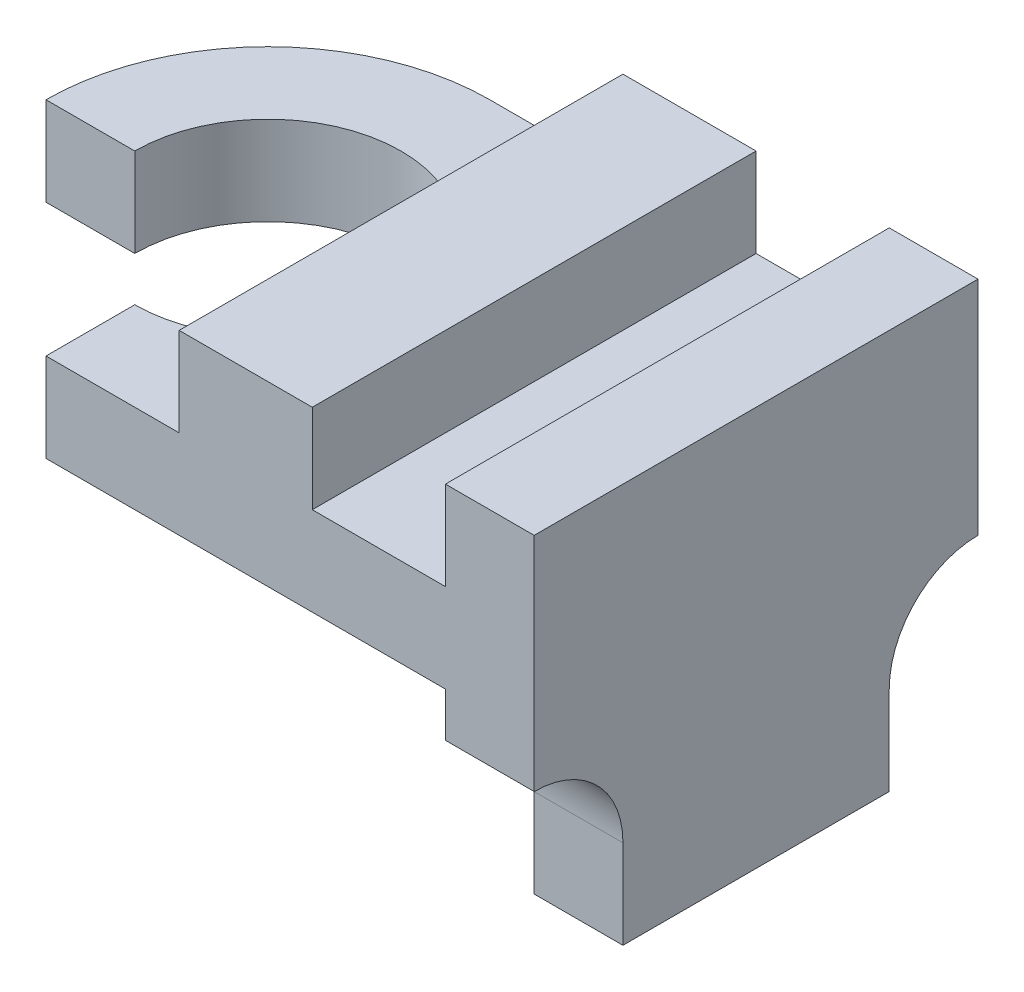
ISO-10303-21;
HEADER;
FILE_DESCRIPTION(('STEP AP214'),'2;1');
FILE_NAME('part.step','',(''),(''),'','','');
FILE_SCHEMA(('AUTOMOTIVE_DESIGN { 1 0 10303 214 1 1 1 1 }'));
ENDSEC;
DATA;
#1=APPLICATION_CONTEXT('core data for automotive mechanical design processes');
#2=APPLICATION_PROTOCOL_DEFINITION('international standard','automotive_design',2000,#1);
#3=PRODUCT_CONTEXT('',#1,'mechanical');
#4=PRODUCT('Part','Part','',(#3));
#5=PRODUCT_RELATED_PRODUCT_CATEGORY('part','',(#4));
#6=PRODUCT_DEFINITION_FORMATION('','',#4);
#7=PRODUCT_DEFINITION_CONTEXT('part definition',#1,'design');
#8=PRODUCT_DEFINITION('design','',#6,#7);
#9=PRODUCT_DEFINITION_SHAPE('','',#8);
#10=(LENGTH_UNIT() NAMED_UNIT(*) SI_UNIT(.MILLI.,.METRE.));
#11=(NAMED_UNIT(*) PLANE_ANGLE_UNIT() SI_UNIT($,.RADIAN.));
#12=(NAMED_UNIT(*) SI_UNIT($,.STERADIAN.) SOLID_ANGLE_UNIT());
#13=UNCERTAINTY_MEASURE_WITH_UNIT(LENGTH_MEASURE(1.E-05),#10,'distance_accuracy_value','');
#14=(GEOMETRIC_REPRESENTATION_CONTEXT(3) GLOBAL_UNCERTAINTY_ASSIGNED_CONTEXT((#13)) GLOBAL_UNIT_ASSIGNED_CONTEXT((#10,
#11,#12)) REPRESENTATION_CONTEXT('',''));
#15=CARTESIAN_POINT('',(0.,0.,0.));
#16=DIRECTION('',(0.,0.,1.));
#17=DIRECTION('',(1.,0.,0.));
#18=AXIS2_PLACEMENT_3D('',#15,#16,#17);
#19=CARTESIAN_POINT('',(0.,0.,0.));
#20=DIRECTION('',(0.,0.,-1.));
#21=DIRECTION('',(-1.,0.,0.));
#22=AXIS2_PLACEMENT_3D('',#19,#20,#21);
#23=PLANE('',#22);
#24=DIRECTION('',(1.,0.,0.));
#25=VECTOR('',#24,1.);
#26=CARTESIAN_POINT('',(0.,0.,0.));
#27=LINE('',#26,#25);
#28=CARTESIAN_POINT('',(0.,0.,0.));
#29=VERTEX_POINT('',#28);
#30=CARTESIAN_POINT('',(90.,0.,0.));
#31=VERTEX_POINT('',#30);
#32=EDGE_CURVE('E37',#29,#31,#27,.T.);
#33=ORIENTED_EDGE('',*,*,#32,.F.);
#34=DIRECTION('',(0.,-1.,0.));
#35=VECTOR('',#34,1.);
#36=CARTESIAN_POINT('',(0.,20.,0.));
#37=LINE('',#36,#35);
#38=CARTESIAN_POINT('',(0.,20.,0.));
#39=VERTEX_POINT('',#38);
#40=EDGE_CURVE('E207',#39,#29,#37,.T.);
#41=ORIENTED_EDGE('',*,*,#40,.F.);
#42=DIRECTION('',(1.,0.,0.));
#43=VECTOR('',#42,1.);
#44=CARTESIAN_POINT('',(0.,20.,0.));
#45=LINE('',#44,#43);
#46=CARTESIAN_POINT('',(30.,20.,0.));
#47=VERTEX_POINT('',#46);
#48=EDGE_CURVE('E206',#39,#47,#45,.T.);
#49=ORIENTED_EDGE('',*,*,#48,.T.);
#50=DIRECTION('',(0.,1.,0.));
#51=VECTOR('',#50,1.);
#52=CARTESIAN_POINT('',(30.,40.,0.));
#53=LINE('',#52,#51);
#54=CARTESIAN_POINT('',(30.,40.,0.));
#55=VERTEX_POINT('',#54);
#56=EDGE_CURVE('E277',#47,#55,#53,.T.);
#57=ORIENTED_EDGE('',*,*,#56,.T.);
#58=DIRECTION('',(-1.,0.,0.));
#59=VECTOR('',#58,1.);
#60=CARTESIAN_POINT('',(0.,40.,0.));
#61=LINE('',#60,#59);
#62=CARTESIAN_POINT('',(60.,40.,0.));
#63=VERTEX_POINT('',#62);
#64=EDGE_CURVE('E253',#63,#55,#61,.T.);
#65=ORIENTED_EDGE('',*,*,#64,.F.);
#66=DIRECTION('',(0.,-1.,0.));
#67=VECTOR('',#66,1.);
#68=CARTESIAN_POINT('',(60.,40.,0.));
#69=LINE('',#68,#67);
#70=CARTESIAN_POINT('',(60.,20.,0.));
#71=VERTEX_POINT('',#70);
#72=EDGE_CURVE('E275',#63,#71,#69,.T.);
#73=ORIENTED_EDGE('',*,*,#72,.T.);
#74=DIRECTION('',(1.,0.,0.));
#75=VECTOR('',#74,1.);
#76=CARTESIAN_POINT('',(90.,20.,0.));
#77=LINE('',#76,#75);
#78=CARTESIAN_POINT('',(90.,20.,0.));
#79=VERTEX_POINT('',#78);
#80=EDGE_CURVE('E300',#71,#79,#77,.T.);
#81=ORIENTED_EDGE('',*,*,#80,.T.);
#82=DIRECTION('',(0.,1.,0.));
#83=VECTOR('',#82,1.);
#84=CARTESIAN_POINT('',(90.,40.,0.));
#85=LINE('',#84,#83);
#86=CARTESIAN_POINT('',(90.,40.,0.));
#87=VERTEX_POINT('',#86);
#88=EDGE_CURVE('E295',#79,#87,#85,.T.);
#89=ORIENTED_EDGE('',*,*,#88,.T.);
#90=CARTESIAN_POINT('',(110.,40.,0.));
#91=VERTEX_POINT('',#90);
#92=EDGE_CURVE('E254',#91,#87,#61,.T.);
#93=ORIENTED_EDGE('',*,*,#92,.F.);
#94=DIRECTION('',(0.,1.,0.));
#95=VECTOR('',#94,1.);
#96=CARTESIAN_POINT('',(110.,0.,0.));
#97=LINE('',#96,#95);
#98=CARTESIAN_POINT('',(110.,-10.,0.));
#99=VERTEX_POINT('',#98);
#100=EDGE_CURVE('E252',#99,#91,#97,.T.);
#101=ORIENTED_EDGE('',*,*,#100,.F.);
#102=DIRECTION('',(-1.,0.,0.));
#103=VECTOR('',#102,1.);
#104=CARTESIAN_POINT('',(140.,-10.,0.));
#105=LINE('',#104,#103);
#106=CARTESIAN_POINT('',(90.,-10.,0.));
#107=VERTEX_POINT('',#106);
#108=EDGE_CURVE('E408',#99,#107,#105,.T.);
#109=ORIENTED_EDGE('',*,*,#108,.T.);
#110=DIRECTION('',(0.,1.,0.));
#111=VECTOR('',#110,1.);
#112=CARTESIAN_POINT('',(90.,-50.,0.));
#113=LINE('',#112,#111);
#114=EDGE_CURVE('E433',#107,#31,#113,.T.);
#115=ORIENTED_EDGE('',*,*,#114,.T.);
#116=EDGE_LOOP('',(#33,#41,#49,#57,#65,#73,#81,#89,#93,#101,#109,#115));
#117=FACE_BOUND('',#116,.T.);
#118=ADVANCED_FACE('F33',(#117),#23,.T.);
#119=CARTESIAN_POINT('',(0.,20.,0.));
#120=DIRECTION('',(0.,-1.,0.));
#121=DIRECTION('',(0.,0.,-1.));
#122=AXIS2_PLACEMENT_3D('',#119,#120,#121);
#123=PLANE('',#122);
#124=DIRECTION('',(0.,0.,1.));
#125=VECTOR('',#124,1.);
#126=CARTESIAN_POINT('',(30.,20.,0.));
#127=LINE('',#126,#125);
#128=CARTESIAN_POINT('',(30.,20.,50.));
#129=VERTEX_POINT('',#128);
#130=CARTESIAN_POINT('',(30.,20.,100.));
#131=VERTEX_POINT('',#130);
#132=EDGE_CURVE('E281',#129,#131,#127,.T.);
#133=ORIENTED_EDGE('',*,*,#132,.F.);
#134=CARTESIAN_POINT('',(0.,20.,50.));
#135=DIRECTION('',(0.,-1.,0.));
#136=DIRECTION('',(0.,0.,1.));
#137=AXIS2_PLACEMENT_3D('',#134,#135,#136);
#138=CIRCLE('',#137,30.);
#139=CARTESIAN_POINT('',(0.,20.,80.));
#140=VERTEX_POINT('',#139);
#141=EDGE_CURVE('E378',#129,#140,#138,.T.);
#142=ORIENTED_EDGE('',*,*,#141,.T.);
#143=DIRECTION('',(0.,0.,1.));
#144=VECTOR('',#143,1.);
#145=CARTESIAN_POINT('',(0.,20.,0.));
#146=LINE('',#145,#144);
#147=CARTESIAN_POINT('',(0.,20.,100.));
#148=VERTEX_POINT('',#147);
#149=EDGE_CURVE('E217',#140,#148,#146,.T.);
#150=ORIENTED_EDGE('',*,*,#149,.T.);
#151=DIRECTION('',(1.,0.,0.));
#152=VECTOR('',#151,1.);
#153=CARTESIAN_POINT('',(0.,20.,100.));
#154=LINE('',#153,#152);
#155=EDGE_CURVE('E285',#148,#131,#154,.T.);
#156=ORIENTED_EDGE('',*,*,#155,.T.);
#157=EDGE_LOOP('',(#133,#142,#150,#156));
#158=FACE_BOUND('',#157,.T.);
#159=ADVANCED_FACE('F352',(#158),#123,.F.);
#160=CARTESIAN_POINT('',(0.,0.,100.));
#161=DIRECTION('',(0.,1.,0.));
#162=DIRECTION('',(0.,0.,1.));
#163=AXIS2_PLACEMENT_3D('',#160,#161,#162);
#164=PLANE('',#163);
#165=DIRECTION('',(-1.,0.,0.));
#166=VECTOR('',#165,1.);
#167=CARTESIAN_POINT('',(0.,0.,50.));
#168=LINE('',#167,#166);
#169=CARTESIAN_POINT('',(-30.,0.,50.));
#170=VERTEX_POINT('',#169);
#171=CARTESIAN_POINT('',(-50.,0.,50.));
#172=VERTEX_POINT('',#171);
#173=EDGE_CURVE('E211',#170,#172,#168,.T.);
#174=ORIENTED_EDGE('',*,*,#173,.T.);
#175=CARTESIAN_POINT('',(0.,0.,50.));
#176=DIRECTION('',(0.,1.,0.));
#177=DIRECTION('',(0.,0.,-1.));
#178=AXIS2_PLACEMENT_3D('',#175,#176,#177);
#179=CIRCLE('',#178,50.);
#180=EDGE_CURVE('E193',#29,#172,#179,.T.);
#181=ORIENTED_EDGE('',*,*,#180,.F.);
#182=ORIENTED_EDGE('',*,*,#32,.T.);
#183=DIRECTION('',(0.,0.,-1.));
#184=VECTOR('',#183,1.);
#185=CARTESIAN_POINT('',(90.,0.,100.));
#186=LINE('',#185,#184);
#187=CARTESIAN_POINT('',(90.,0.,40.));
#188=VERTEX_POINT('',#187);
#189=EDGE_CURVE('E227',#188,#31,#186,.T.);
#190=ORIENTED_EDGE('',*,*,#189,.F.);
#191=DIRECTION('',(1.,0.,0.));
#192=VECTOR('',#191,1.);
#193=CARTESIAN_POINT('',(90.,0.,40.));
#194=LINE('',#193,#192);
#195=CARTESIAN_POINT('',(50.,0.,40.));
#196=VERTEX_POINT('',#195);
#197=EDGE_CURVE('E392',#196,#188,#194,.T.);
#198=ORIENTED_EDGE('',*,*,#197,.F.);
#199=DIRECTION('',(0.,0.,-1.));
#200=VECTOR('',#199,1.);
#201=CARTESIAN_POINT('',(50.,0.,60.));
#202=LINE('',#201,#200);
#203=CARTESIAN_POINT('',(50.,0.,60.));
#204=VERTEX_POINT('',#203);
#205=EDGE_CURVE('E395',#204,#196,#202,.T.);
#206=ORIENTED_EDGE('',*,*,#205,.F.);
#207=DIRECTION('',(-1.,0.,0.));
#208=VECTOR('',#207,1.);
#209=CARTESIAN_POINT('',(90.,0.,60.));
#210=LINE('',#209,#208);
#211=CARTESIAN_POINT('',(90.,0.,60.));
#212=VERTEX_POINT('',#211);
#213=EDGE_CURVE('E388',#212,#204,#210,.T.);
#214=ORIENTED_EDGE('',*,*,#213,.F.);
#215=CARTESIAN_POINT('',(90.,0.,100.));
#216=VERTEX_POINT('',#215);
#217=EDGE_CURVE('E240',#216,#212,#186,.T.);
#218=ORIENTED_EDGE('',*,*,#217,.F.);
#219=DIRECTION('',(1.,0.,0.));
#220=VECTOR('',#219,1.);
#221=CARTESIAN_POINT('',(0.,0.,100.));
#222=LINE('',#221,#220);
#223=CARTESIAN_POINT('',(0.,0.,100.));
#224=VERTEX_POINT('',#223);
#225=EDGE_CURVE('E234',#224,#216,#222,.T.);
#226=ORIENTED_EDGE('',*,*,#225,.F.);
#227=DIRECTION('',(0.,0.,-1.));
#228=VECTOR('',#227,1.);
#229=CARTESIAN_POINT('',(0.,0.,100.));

══════════

The line with "#5=PRODUCT_RELATED_PRODUCT_CATEGORY('part','',(#4));" ends the range, and the first line of the data begins it; repeat exactly those lines and nothing more, omitting pictures.

Solution
ISO-10303-21;
HEADER;
FILE_DESCRIPTION(('STEP AP214'),'2;1');
FILE_NAME('part.step','',(''),(''),'','','');
FILE_SCHEMA(('AUTOMOTIVE_DESIGN { 1 0 10303 214 1 1 1 1 }'));
ENDSEC;
DATA;
#1=APPLICATION_CONTEXT('core data for automotive mechanical design processes');
#2=APPLICATION_PROTOCOL_DEFINITION('international standard','automotive_design',2000,#1);
#3=PRODUCT_CONTEXT('',#1,'mechanical');
#4=PRODUCT('Part','Part','',(#3));
#5=PRODUCT_RELATED_PRODUCT_CATEGORY('part','',(#4));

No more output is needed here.